The problem is that most don’t.
This isn’t even a value judgement, because it’s too easy to say “the audiences are too stupid” or “the doubters want it to fail.” The simple fact is that, had this been released in the 80s, when audiences and critics understood an Actors Studio performance when they saw one (or knew enough died-in-the-wool players in that style) or were truly reading Shakespeare, I guarantee that there would be a much greater connection. Megalopolis is a victim of the times in which we live. It’s the victim of an era where people are fighting each other into oblivion, an era where most media has been deemed “content” by the addiction dispensary we call the internet, an era where classics are being taught less and less, where curiosity is supplanted with complacent pleasure. An era in which the past is memory-holed, to which allusion hold barely any meaning to anyone, for you can barely recall anything to anyone.
Megalopolis speaks Latin while we’re all struggling with our own English. I’ve seen films of its kind before. It’s why Dario Argento’s Suspiria is regarded as art, but not high art. It actually helped me understand what it means to be a fable, which in turn gave me a new perspective on Walter Hill’s own brand of urban fable, like The Warriors and Streets of Fire. But like all languages, it can be taught again. And with films like Megalopolis, I hope people will realize the necessity to learn the language again.
Latin might be an odd metaphor for the film’s synthesis of ancient drama, 20th century creativity and 21st century innovations, but its the only language I feel fits, for it was once the word of the land, and it was a beautiful word, a powerful word, a robust word. And it is in understanding that word (the word of the past) that we can better recognize our place in the present, and plan for what can hopefully be a better future. For a Megalopolis yet to be.
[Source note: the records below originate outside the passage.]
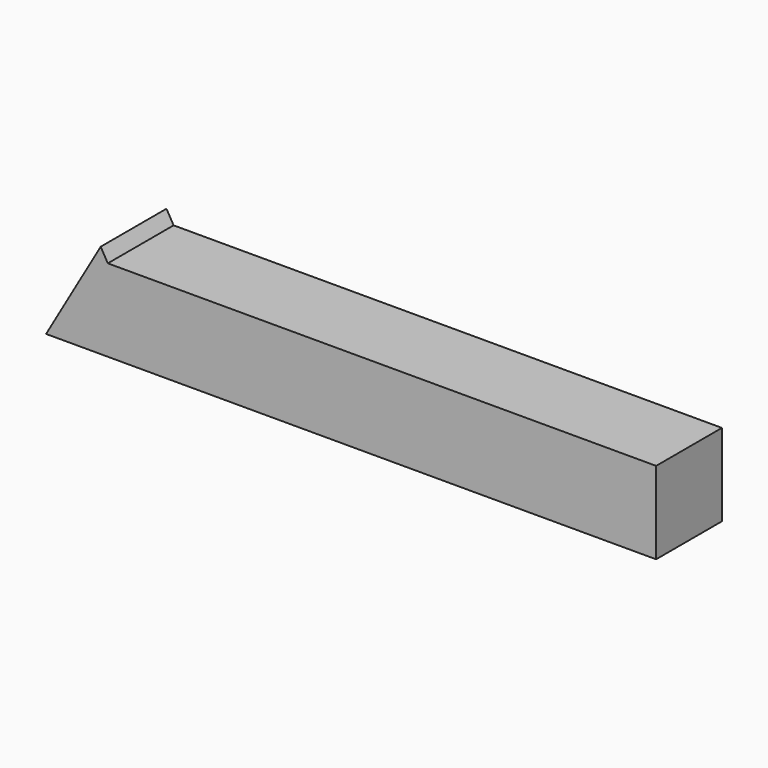
from build123d import *

# Parameters (mm, degrees)
F1_DEPTH = 12


# Not quite as in the source:
# - a feature names something its author has since deleted; it is built from what else it names


with BuildPart() as f1:
    # F0 (on Front) → F1 (new body)
    with BuildSketch(Plane.XZ):
        Polygon((7.9674337148, 13.8), (0, 0), (89, 0), (89, 12), (9.0066641994, 12), align=None)
    extrude(amount=-F1_DEPTH)


solid = f1.part

It’s not a perfect film, it’s not a flawless film, but it is a film of rare power, a celebration of the medium it exists within, from one of the men who made such an important one. To that end, it’s tremendous. There’s a reason this man is a living legend, and I thank you for reminding us why, Francis. I sincerely thank you. If this is to be your last film (though I hope you have many more left in you), you picked a strong finish. See it in theaters while you still can.